Exercise instructions:
The records below are to be returned exactly as written, minus their pictures.

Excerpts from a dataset
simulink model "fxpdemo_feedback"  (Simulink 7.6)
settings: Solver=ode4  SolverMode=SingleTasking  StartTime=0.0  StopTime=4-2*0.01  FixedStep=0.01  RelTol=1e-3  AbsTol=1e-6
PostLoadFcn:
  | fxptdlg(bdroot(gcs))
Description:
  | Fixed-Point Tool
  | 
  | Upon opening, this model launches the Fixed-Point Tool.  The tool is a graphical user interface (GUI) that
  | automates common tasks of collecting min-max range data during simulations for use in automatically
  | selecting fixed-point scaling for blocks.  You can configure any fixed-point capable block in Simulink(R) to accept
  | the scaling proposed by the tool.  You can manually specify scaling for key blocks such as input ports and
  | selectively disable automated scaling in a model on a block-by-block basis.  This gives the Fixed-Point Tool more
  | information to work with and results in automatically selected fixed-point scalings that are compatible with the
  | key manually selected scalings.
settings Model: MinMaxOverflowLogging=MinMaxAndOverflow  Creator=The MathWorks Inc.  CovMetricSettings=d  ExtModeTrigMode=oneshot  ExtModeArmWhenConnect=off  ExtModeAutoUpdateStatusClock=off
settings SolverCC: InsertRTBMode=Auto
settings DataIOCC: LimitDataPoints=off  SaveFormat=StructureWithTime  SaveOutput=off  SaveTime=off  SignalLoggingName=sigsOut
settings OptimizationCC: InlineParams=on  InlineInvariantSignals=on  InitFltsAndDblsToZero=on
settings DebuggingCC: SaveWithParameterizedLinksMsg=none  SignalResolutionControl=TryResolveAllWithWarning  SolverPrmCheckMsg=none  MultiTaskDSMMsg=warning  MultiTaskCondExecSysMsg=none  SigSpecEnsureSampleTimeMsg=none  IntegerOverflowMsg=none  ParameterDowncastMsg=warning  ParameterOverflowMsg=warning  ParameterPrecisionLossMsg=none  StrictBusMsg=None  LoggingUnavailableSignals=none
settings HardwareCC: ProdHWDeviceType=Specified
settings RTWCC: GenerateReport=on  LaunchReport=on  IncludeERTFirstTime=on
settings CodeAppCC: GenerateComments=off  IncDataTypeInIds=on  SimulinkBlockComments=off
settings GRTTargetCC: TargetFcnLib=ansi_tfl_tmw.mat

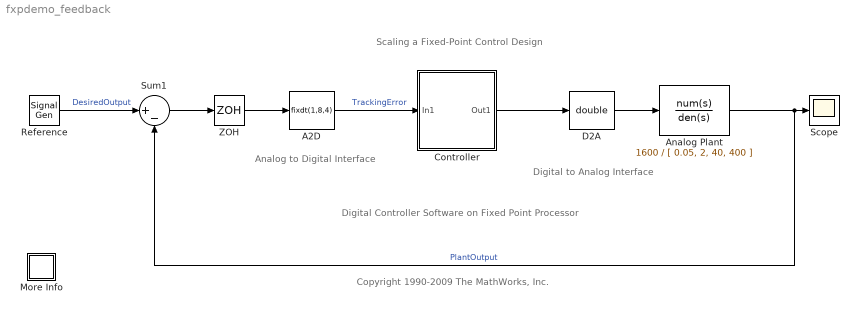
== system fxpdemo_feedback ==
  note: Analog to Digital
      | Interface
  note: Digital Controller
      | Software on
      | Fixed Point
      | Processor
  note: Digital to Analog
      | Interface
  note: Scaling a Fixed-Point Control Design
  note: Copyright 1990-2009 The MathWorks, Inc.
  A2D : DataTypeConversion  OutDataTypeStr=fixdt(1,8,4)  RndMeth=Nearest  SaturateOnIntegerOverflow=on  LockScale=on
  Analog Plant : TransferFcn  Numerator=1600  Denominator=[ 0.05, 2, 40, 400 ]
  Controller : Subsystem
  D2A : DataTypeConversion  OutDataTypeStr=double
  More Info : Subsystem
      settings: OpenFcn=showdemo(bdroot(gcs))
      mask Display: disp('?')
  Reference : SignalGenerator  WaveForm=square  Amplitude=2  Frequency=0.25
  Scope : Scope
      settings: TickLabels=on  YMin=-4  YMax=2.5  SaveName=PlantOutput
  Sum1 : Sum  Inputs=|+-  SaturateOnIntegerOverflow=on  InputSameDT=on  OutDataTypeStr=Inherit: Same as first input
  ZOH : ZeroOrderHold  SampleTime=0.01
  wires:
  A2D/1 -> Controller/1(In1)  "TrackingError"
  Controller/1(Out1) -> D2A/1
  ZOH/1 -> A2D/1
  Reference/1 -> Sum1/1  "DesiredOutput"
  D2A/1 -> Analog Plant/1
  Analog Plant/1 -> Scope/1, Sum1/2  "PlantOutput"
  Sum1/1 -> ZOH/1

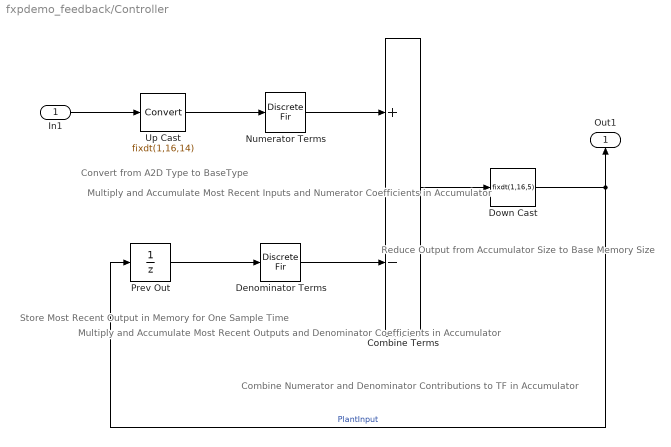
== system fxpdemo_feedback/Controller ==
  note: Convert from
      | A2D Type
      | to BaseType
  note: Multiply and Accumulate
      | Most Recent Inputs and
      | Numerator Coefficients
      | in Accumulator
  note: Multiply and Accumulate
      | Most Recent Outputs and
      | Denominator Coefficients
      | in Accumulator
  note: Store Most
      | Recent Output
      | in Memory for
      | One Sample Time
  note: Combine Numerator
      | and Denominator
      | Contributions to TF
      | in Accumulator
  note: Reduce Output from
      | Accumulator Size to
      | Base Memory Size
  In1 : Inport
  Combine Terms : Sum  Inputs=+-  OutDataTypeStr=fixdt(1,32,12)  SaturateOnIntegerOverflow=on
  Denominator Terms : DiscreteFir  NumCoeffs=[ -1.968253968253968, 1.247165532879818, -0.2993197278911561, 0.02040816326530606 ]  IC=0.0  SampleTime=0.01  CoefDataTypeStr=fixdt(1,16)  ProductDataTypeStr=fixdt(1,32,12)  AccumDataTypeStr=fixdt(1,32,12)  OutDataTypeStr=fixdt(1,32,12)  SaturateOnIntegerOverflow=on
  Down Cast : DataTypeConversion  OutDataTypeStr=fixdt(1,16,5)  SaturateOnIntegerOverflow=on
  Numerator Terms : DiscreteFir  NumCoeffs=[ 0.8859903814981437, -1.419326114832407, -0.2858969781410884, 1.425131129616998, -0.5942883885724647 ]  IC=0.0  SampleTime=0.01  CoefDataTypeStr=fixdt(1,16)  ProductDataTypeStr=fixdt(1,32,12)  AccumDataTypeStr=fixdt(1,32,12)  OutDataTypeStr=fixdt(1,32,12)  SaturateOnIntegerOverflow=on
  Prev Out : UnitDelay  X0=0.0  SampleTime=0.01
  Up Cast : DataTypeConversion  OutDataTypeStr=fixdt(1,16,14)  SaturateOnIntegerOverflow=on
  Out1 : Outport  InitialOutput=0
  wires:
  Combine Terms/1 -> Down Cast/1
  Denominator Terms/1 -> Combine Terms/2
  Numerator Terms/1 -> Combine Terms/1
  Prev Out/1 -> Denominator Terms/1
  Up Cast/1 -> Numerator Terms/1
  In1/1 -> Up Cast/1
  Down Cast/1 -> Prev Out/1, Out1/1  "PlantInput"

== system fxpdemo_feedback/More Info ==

Written response:
simulink model "fxpdemo_feedback"  (Simulink 7.6)
settings: Solver=ode4  SolverMode=SingleTasking  StartTime=0.0  StopTime=4-2*0.01  FixedStep=0.01  RelTol=1e-3  AbsTol=1e-6
PostLoadFcn:
  | fxptdlg(bdroot(gcs))
Description:
  | Fixed-Point Tool
  | 
  | Upon opening, this model launches the Fixed-Point Tool.  The tool is a graphical user interface (GUI) that
  | automates common tasks of collecting min-max range data during simulations for use in automatically
  | selecting fixed-point scaling for blocks.  You can configure any fixed-point capable block in Simulink(R) to accept
  | the scaling proposed by the tool.  You can manually specify scaling for key blocks such as input ports and
  | selectively disable automated scaling in a model on a block-by-block basis.  This gives the Fixed-Point Tool more
  | information to work with and results in automatically selected fixed-point scalings that are compatible with the
  | key manually selected scalings.
settings Model: MinMaxOverflowLogging=MinMaxAndOverflow  Creator=The MathWorks Inc.  CovMetricSettings=d  ExtModeTrigMode=oneshot  ExtModeArmWhenConnect=off  ExtModeAutoUpdateStatusClock=off
settings SolverCC: InsertRTBMode=Auto
settings DataIOCC: LimitDataPoints=off  SaveFormat=StructureWithTime  SaveOutput=off  SaveTime=off  SignalLoggingName=sigsOut
settings OptimizationCC: InlineParams=on  InlineInvariantSignals=on  InitFltsAndDblsToZero=on
settings DebuggingCC: SaveWithParameterizedLinksMsg=none  SignalResolutionControl=TryResolveAllWithWarning  SolverPrmCheckMsg=none  MultiTaskDSMMsg=warning  MultiTaskCondExecSysMsg=none  SigSpecEnsureSampleTimeMsg=none  IntegerOverflowMsg=none  ParameterDowncastMsg=warning  ParameterOverflowMsg=warning  ParameterPrecisionLossMsg=none  StrictBusMsg=None  LoggingUnavailableSignals=none
settings HardwareCC: ProdHWDeviceType=Specified
settings RTWCC: GenerateReport=on  LaunchReport=on  IncludeERTFirstTime=on
settings CodeAppCC: GenerateComments=off  IncDataTypeInIds=on  SimulinkBlockComments=off
settings GRTTargetCC: TargetFcnLib=ansi_tfl_tmw.mat

== system fxpdemo_feedback ==
  note: Analog to Digital
      | Interface
  note: Digital Controller
      | Software on
      | Fixed Point
      | Processor
  note: Digital to Analog
      | Interface
  note: Scaling a Fixed-Point Control Design
  note: Copyright 1990-2009 The MathWorks, Inc.
  A2D : DataTypeConversion  OutDataTypeStr=fixdt(1,8,4)  RndMeth=Nearest  SaturateOnIntegerOverflow=on  LockScale=on
  Analog Plant : TransferFcn  Numerator=1600  Denominator=[ 0.05, 2, 40, 400 ]
  Controller : Subsystem
  D2A : DataTypeConversion  OutDataTypeStr=double
  More Info : Subsystem
      settings: OpenFcn=showdemo(bdroot(gcs))
      mask Display: disp('?')
  Reference : SignalGenerator  WaveForm=square  Amplitude=2  Frequency=0.25
  Scope : Scope
      settings: TickLabels=on  YMin=-4  YMax=2.5  SaveName=PlantOutput
  Sum1 : Sum  Inputs=|+-  SaturateOnIntegerOverflow=on  InputSameDT=on  OutDataTypeStr=Inherit: Same as first input
  ZOH : ZeroOrderHold  SampleTime=0.01
  wires:
  A2D/1 -> Controller/1(In1)  "TrackingError"
  Controller/1(Out1) -> D2A/1
  ZOH/1 -> A2D/1
  Reference/1 -> Sum1/1  "DesiredOutput"
  D2A/1 -> Analog Plant/1
  Analog Plant/1 -> Scope/1, Sum1/2  "PlantOutput"
  Sum1/1 -> ZOH/1

== system fxpdemo_feedback/Controller ==
  note: Convert from
      | A2D Type
      | to BaseType
  note: Multiply and Accumulate
      | Most Recent Inputs and
      | Numerator Coefficients
      | in Accumulator
  note: Multiply and Accumulate
      | Most Recent Outputs and
      | Denominator Coefficients
      | in Accumulator
  note: Store Most
      | Recent Output
      | in Memory for
      | One Sample Time
  note: Combine Numerator
      | and Denominator
      | Contributions to TF
      | in Accumulator
  note: Reduce Output from
      | Accumulator Size to
      | Base Memory Size
  In1 : Inport
  Combine Terms : Sum  Inputs=+-  OutDataTypeStr=fixdt(1,32,12)  SaturateOnIntegerOverflow=on
  Denominator Terms : DiscreteFir  NumCoeffs=[ -1.968253968253968, 1.247165532879818, -0.2993197278911561, 0.02040816326530606 ]  IC=0.0  SampleTime=0.01  CoefDataTypeStr=fixdt(1,16)  ProductDataTypeStr=fixdt(1,32,12)  AccumDataTypeStr=fixdt(1,32,12)  OutDataTypeStr=fixdt(1,32,12)  SaturateOnIntegerOverflow=on
  Down Cast : DataTypeConversion  OutDataTypeStr=fixdt(1,16,5)  SaturateOnIntegerOverflow=on
  Numerator Terms : DiscreteFir  NumCoeffs=[ 0.8859903814981437, -1.419326114832407, -0.2858969781410884, 1.425131129616998, -0.5942883885724647 ]  IC=0.0  SampleTime=0.01  CoefDataTypeStr=fixdt(1,16)  ProductDataTypeStr=fixdt(1,32,12)  AccumDataTypeStr=fixdt(1,32,12)  OutDataTypeStr=fixdt(1,32,12)  SaturateOnIntegerOverflow=on
  Prev Out : UnitDelay  X0=0.0  SampleTime=0.01
  Up Cast : DataTypeConversion  OutDataTypeStr=fixdt(1,16,14)  SaturateOnIntegerOverflow=on
  Out1 : Outport  InitialOutput=0
  wires:
  Combine Terms/1 -> Down Cast/1
  Denominator Terms/1 -> Combine Terms/2
  Numerator Terms/1 -> Combine Terms/1
  Prev Out/1 -> Denominator Terms/1
  Up Cast/1 -> Numerator Terms/1
  In1/1 -> Up Cast/1
  Down Cast/1 -> Prev Out/1, Out1/1  "PlantInput"

== system fxpdemo_feedback/More Info ==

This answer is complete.